Senza la benevolenza del mio Signore, sarei stato certamente uno dei dannati.

Almanca: 

Und wäre nicht die Gnade meines HERRN, wäre ich doch von den Ausgelieferten.

Çince: 

如果没有我的主的恩惠,我必在被拘禁者之列。

Hollandaca: 

En was het niet door de genade van mijnen Heer, dan ware ik zeker aan eene eeuwige marteling overgeleverd geworden.

Rusça: 

Если бы не милость моего Господа, то я оказался бы в числе ввергнутых в Геенну.

Somalice: 

Haddayna Nicmada Eebe jirinna waxaan ahaan lahaa kuwa lagu soo kulmiyay (naarta).

Swahilice: 

Na lau kuwa si neema ya Mola wangu Mlezi bila ya shaka ningeli kuwa miongoni mwa walio hudhurishwa.

Uygurca: 

ئەگەر پەرۋەردىگارىمنىڭ (مېنى ئىمانىمدا مۇستەھكەم قىلىشتىن ئىبارەت) مەرھەمىتى بولمىغان بولسا ئەلۋەتتە مەن (سەن بىلەن بىللە دوزاخقا) ھازىر قىلىنغانلاردىن بولاتتىم

Japonca: 

もし主の御恵みがなかったならば,わたしは必ず引き立てられる者の中にいたでしょう。
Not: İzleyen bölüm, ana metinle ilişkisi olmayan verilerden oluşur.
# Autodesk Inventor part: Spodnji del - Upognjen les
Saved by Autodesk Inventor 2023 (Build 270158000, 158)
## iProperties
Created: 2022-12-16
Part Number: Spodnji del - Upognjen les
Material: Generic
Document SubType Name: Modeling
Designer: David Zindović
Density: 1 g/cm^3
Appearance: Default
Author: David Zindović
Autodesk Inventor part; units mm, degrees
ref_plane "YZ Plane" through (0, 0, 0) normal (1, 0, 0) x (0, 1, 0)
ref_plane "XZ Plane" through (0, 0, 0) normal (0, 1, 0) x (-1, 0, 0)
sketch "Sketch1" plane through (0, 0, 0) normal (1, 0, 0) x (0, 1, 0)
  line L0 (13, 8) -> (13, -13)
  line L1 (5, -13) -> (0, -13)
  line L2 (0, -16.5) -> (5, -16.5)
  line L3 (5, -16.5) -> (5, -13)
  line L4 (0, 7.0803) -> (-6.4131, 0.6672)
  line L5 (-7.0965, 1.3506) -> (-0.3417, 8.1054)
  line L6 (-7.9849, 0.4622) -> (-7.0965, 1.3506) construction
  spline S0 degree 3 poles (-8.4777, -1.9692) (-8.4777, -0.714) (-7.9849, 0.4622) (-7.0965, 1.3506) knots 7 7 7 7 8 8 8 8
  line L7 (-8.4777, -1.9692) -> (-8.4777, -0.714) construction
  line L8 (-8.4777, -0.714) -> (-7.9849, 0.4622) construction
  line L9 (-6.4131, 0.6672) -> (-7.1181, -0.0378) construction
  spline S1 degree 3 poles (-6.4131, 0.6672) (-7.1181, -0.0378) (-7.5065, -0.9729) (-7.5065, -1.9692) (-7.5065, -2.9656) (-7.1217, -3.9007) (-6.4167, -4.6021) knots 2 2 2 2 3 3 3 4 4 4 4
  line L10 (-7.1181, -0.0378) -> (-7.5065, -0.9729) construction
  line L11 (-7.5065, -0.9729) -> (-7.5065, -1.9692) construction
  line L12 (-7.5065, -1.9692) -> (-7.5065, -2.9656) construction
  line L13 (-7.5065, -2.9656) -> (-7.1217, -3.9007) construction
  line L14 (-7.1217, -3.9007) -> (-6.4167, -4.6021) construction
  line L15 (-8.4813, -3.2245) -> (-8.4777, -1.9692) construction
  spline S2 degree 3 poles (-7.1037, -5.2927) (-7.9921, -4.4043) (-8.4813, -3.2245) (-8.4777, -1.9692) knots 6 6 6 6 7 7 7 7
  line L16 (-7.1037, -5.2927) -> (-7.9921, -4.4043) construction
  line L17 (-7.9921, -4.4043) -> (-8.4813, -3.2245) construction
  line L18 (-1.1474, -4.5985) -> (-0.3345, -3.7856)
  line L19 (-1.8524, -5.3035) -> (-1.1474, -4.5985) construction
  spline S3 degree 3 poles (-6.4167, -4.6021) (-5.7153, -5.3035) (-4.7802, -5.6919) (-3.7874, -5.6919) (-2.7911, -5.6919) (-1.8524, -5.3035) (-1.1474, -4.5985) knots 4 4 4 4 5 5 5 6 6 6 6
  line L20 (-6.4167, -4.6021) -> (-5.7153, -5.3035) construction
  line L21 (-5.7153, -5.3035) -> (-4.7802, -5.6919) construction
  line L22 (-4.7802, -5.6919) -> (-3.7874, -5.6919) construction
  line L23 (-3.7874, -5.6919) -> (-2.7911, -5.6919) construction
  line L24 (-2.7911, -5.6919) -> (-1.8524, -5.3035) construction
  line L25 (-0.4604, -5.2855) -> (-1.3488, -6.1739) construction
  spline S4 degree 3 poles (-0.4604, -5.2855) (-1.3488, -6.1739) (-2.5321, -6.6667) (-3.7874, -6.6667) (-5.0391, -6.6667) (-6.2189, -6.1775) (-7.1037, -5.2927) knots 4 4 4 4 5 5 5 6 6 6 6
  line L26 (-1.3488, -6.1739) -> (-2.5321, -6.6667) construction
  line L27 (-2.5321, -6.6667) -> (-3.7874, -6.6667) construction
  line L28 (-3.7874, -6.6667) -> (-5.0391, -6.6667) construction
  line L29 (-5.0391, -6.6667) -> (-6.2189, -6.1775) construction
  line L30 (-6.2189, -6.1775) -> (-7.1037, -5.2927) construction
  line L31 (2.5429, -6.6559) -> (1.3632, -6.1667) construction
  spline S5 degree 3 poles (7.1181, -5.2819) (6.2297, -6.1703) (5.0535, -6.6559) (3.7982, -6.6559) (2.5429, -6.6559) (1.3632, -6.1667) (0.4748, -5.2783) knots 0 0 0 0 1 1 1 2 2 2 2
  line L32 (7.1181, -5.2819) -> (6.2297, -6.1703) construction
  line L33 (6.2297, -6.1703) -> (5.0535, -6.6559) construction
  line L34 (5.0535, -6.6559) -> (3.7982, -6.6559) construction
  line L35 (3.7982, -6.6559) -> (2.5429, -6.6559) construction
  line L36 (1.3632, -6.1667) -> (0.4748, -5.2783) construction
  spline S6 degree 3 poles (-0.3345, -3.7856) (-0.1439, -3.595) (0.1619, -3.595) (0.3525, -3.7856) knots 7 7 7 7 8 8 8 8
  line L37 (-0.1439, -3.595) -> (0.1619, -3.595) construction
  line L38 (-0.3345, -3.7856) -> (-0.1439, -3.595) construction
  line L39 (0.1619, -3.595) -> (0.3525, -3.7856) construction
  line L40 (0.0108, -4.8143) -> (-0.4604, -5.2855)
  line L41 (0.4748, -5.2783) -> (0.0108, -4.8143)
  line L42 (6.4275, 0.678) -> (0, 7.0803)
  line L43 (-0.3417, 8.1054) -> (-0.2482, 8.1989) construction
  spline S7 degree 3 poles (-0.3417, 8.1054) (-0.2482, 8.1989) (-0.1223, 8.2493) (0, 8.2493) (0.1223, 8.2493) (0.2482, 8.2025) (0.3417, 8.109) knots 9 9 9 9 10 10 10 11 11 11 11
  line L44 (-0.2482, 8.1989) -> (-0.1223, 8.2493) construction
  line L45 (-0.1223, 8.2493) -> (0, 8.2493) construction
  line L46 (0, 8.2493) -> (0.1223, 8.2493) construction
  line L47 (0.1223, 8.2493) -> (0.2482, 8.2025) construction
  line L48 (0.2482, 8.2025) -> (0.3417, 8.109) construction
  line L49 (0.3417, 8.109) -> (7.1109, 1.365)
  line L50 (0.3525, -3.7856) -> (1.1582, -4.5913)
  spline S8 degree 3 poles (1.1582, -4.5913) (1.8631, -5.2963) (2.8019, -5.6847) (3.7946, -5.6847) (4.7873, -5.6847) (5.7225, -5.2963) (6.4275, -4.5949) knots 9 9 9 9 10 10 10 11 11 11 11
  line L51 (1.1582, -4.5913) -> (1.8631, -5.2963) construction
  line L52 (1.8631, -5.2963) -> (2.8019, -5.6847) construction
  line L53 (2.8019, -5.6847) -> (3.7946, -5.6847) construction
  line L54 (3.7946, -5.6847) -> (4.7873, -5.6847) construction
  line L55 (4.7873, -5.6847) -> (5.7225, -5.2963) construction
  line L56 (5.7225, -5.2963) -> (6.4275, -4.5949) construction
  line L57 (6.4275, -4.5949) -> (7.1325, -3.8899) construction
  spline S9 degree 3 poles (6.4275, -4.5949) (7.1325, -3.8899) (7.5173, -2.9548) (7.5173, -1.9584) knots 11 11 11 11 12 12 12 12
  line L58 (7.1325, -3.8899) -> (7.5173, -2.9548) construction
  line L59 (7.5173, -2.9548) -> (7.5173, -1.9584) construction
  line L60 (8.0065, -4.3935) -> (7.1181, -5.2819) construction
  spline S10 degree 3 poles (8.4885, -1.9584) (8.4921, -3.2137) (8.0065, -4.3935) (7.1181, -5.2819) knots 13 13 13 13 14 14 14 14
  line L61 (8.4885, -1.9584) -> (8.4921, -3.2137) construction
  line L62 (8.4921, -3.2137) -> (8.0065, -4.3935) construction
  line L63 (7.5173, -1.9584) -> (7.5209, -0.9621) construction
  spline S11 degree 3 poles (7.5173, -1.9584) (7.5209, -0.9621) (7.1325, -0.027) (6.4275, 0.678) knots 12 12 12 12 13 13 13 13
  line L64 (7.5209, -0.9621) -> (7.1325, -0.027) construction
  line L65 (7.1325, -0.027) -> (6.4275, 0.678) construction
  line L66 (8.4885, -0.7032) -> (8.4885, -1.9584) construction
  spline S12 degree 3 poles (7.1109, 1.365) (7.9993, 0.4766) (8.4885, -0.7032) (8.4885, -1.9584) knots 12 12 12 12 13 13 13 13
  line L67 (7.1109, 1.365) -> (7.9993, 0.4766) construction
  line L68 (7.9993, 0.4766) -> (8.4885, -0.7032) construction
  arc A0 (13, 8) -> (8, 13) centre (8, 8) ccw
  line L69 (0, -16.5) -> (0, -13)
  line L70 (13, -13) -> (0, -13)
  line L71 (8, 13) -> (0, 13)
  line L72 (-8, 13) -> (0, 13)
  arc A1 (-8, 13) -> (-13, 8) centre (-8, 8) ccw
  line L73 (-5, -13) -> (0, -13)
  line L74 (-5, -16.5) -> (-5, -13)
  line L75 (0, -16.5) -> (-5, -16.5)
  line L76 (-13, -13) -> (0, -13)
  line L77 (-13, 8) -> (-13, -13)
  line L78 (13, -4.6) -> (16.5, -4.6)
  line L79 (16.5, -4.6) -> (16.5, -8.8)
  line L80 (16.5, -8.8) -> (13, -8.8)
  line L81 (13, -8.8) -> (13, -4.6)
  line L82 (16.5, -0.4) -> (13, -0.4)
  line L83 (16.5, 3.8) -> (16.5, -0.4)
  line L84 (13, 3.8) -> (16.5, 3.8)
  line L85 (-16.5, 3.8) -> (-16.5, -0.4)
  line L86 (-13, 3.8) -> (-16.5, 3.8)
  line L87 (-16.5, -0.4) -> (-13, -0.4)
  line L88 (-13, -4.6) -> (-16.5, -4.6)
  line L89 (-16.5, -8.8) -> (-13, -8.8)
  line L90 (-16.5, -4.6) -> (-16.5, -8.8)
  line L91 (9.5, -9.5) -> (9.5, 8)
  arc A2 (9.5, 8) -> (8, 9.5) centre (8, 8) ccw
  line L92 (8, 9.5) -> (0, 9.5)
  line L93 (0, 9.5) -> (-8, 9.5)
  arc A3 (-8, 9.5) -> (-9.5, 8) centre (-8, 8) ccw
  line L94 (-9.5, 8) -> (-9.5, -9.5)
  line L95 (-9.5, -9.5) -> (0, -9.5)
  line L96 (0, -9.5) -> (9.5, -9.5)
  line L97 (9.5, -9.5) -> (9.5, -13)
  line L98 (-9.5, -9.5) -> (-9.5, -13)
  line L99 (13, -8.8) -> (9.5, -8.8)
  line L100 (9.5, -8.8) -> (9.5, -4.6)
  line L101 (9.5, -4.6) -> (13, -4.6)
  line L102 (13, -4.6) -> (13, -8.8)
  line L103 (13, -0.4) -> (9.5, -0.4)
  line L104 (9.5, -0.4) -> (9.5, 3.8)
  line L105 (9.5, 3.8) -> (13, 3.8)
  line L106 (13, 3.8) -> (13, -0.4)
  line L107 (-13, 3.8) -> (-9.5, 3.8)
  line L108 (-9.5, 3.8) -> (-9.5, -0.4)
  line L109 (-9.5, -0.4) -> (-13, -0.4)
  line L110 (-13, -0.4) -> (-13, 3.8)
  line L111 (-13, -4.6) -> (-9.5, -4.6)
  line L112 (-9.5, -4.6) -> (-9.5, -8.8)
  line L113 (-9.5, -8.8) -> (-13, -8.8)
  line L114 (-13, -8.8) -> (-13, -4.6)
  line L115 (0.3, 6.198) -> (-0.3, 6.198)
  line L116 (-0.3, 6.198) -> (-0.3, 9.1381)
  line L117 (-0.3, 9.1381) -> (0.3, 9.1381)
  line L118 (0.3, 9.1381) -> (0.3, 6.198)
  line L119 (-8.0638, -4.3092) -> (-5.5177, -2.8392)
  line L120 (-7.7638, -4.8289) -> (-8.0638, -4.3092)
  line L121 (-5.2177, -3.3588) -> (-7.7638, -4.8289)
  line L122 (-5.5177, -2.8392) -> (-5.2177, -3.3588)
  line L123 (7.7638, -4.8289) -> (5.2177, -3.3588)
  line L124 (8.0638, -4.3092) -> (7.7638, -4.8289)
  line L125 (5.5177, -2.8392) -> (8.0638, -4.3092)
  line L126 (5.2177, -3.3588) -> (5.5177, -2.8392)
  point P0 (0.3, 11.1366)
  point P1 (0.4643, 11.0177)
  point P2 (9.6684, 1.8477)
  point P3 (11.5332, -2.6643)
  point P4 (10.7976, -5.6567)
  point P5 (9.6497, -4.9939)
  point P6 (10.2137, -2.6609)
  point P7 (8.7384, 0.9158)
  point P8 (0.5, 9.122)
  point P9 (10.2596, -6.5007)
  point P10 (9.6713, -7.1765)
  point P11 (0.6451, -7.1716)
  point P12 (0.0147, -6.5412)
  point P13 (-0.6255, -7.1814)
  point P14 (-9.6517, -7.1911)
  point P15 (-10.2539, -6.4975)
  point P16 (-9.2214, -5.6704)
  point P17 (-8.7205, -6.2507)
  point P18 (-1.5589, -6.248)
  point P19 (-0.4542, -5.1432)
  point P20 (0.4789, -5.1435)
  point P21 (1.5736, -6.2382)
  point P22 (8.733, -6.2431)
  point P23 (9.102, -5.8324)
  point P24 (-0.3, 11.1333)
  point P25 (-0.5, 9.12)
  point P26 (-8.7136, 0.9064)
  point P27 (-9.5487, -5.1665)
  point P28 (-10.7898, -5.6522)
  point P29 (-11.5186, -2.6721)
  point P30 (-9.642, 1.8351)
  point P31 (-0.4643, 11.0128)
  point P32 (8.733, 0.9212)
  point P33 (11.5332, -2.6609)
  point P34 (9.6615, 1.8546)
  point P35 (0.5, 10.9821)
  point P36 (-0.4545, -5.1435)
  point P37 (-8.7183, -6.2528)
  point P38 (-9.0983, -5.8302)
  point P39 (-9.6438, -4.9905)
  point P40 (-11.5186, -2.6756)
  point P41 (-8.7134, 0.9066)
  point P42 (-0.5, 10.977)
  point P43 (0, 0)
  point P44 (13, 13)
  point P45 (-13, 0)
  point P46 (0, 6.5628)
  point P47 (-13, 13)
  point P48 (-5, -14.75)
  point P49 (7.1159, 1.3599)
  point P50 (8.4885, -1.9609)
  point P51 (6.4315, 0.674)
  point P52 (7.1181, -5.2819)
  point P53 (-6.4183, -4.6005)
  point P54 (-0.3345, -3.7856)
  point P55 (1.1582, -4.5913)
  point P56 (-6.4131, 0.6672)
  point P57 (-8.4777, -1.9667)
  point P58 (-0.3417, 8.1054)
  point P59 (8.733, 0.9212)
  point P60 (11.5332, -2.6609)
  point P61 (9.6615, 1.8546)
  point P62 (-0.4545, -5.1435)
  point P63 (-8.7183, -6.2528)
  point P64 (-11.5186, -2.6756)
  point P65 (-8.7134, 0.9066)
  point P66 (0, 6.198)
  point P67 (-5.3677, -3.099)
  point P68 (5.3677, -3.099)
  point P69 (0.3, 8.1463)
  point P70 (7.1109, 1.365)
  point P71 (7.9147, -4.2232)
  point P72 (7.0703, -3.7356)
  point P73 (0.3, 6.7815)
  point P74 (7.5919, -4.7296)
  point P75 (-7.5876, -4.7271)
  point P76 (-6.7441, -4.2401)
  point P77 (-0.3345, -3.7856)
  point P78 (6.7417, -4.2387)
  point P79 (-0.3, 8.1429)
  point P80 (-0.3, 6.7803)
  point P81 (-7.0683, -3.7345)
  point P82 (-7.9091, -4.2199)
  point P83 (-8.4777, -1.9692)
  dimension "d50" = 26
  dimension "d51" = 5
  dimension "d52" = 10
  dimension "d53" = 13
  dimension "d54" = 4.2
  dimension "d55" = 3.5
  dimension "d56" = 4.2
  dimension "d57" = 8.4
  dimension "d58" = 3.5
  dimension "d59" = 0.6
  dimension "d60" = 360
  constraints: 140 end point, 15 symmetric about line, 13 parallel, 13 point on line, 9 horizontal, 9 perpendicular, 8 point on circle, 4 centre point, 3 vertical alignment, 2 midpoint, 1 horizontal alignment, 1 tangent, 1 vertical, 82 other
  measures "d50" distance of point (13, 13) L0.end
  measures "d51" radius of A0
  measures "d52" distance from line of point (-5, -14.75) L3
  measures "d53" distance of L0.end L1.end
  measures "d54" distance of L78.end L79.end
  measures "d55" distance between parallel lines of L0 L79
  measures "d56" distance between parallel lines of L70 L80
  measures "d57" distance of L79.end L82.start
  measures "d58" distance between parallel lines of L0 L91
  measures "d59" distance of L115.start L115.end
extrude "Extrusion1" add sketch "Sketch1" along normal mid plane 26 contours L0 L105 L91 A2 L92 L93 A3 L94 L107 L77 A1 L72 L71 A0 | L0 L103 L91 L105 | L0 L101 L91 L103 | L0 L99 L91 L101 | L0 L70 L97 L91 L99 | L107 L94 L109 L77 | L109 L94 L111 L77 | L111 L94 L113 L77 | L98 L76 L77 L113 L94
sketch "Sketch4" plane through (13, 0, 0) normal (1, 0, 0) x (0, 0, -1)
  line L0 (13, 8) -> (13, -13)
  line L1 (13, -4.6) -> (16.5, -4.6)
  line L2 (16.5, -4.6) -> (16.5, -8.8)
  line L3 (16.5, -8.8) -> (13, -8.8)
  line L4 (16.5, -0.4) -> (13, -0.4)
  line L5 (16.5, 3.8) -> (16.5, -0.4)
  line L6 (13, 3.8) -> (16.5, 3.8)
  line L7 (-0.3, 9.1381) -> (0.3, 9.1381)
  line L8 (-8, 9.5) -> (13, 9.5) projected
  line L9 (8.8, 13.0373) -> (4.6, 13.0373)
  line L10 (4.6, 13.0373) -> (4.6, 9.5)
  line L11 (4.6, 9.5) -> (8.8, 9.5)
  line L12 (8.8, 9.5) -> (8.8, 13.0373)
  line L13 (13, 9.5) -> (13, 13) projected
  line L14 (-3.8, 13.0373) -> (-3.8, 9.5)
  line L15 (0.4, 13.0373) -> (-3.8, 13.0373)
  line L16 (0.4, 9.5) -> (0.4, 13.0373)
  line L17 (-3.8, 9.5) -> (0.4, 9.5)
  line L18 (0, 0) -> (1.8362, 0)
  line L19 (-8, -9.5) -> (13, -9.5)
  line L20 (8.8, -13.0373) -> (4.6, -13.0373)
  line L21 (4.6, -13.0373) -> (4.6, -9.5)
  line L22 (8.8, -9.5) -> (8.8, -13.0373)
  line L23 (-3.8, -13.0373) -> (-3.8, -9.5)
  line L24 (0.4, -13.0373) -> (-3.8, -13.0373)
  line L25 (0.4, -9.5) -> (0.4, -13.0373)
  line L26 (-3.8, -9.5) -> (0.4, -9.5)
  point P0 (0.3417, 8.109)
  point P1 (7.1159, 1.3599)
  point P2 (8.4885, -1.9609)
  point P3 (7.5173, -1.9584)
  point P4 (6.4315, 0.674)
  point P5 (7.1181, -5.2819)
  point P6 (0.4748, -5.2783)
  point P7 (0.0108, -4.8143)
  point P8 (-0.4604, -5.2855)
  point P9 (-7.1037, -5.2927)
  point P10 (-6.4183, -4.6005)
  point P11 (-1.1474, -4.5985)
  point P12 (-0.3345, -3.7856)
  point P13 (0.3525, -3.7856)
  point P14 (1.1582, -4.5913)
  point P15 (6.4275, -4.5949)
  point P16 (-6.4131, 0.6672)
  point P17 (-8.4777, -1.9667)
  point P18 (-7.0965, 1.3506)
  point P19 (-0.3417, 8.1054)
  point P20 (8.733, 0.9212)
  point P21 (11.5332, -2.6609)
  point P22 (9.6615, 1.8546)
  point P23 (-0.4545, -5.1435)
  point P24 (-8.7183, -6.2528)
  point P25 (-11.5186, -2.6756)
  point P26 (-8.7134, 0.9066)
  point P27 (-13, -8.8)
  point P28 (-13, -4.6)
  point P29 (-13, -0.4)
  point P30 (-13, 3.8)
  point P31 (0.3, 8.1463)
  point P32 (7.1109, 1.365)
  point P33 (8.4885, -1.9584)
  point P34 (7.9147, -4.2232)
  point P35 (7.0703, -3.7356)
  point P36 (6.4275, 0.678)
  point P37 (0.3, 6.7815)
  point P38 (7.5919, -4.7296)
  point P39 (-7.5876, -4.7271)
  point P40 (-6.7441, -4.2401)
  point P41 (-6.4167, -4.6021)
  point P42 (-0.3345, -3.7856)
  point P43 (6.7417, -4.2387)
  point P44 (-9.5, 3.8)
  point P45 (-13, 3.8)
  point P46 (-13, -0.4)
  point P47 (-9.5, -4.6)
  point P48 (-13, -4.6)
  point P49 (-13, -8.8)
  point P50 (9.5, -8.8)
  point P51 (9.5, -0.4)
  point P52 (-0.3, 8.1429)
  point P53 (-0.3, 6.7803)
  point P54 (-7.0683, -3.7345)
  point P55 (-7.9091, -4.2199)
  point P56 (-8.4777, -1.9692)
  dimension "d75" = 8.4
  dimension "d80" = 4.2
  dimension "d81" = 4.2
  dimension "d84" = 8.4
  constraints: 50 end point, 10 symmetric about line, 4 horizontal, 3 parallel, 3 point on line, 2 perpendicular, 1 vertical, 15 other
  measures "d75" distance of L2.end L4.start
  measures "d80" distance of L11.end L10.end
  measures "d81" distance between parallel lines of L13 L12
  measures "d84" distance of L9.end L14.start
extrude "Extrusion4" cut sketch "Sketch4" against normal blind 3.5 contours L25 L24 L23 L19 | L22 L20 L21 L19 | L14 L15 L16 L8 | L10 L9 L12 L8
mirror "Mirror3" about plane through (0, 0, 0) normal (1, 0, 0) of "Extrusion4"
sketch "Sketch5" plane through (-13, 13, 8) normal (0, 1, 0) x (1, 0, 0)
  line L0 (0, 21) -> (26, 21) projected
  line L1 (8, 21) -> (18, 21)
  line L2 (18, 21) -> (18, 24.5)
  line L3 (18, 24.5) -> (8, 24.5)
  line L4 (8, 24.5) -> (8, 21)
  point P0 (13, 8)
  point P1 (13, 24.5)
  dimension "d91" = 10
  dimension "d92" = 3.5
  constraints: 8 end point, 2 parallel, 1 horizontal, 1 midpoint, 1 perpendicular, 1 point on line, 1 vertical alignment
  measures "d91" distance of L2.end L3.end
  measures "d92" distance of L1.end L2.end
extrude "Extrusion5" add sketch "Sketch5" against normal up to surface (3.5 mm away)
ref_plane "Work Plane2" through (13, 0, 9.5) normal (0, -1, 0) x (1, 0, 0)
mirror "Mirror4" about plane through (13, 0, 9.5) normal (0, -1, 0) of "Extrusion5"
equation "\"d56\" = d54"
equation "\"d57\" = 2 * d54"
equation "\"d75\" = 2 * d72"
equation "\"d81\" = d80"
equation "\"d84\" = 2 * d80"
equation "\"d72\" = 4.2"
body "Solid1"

」

Arapça (Ürdün): 

«ولو لا نعمة ربي» عليَّ بالإيمان «لكنت من المحضرين» معك في النار وتقول أهل الجنة.

Hintçe: 

और अगर मेरे परवरदिगार का एहसान न होता तो मैं भी (इस वक्त) तेरी तरह जहन्नुम में गिरफ्तार किया गया होता

Tayca: 

“และหากมิใช่ความโปรดปรานแห่งพระเจ้าของฉันแล้ว ฉันจะต้องอยู่ในหมู่ผู้ถูกนำมาลงโทษอย่างแน่นอน”

İbranice: 

אם לא היה חסדו של ריבוני, הייתי גם נזרק לגיהינום

Hırvatça: 

Da nije bilo milosti Gospodara moga, i ja bih bio među privedenim."

Rumence: 

Fără harul lui Dumnezeu aş fi fost printre cei puşi la cazne.

Transliteration: 

Walawla niAAmatu rabbee lakuntu mina almuhdareena

Türkçe: 

"Rabbimin nimeti olmasaydı, kesinlikle ben de şurada toplananlar arasına girmiş olacaktım."

Sahih International: 

If not for the favor of my Lord, I would have been of those brought in [to Hell].

İngilizce: 

Had it not been for the Grace of my Lord, I should certainly have been among those brought (there)!

Azerbaycanca: 

Əgər Rəbbimin lütfü olmasaydı, mən də (Cəhənnəmə) gətirilənlərdən olardım!

Süleyman Ateş: 

Rabbimin ni'meti olmasaydı, şimdi ben de (oraya) getirilenlerden olurdum.

Diyanet Vakfı: 

Rabbimin nimeti olmasaydı, şimdi ben de (cehenneme) getirilenlerden olurdum" dedi.

Erhan Aktaş: 

“Eğer Rabb’imin nimeti(1) olmasaydı, ben de Cehennem’e atılanlardan olurdum.”

Kral Fahd: 

Rabbimin nimeti olmasaydı, şimdi ben de (cehenneme) getirilenlerden olurdum» dedi.

Hasan Basri Çantay: 

«Eğer Rabbimin ni´meti olmasaydı ben de (seninle beraber cehennemde) haazır bulundurulanlardan olacakdım».

Muhammed Esed: 

Eğer Rabbimin lütfu olmasaydı ben de (şimdi) (azaba) uğratılanlar arasında olurdum!

Gültekin Onan: 

&quot

Ali Fikri Yavuz: 

Rabbimin nimeti olmasaydı, ben de (bu cehennemde seninle) tutuklananlardan olacaktım.

Portekizce: 

E se não fosse pela graça do meu Senhor, contar-me-ia, agora, entre os levados (para lá)!

İsveççe: 

om inte Gud hade varit mig nådig skulle jag helt säkert ha hört till dem som förs dit [där du är]!"

Farsça: 

و اگر توفیق و رحمت پروردگارم نبود، حتماً از احضارشدگان [در دوزخ] بودم.

Kürtçe: 

وە ئەگەر میھرەبانی پەروەردگارم فریام نەکەوتایە، منیش لە ئامادەکراوان (ی ناو دۆزەخ) دەبووم

Özbekçe: 

Агар Роббимнинг неъмати бўлмаганида, мен ҳам (дўзахга) ҳозир қилинганлардан бўлур эдим.

Malayca: 

"Dan kalaulah tidak disebabkan nikmat pemberian Tuhanku (dengan hidayah petunjuk), nescaya akan menjadilah daku dari orang-orang yang dibawa hadir (untuk menerima balasan azab) ".

Arnavutça: 

po të mos ishte dhuntia e Zotit tim, edhe unë do të isha në zjarr (bashkë me ty).

Bulgarca: 

И ако не бе благодатта на моя Господ, щях да съм доведен [с теб].

Sırpça: 

Да није било милости мога Господара, и ја бих се сад мучио.”

Çekçe: 

a kdyby nebylo dobrodiní Pána mého, také bych mezi předvedenými byl!

Urduca: 

میرے رب کا فضل شامل حال نہ ہوتا تو آج میں بھی اُن لوگوں میں سے ہوتا جو پکڑے ہوئے آئے ہیں

Tacikçe: 

Ва агар мавҳибати (бахшиши) Парвардигорам набуд, ман низ аз ҳозиршудагони азоб мебудам.

Tatarca: 

Әгәр Раббым миңа иманны ингам итмәсә, әлбәттә, сезнең белән бергә мәңгегә утка салынган булыр идем".

Endonezyaca: 

jikalau tidaklah karena nikmat Tuhanku pastilah aku termasuk orang-orang yang diseret (ke neraka).

Amharca: 

«የጌታየም ጸጋ ባልነበረ ኖሮ ወደ እሳት ከሚቀርቡት እሆን ነበር፡፡»

Tamilce: 

“என் இறைவனின் (நேர்வழி எனும்) அருட்கொடை (என்னுடன்) இல்லாதிருந்தால் நானும் (நரகத்தில் தண்டனைக்காக) கொண்டுவரப்பட்டவர்களில் ஆகி இருப்பேன்.”

Korece: 

내 주님의 은혜가 없었던들 실로 나는 그곳에 끌려온 자중에 있었으리라

Vietnamca: 

“Nếu không nhờ hồng ân của Thượng Đế của tôi thì chắc chắn tôi đã là một trong những người bị bắt dẫn đến (Hỏa Ngục).”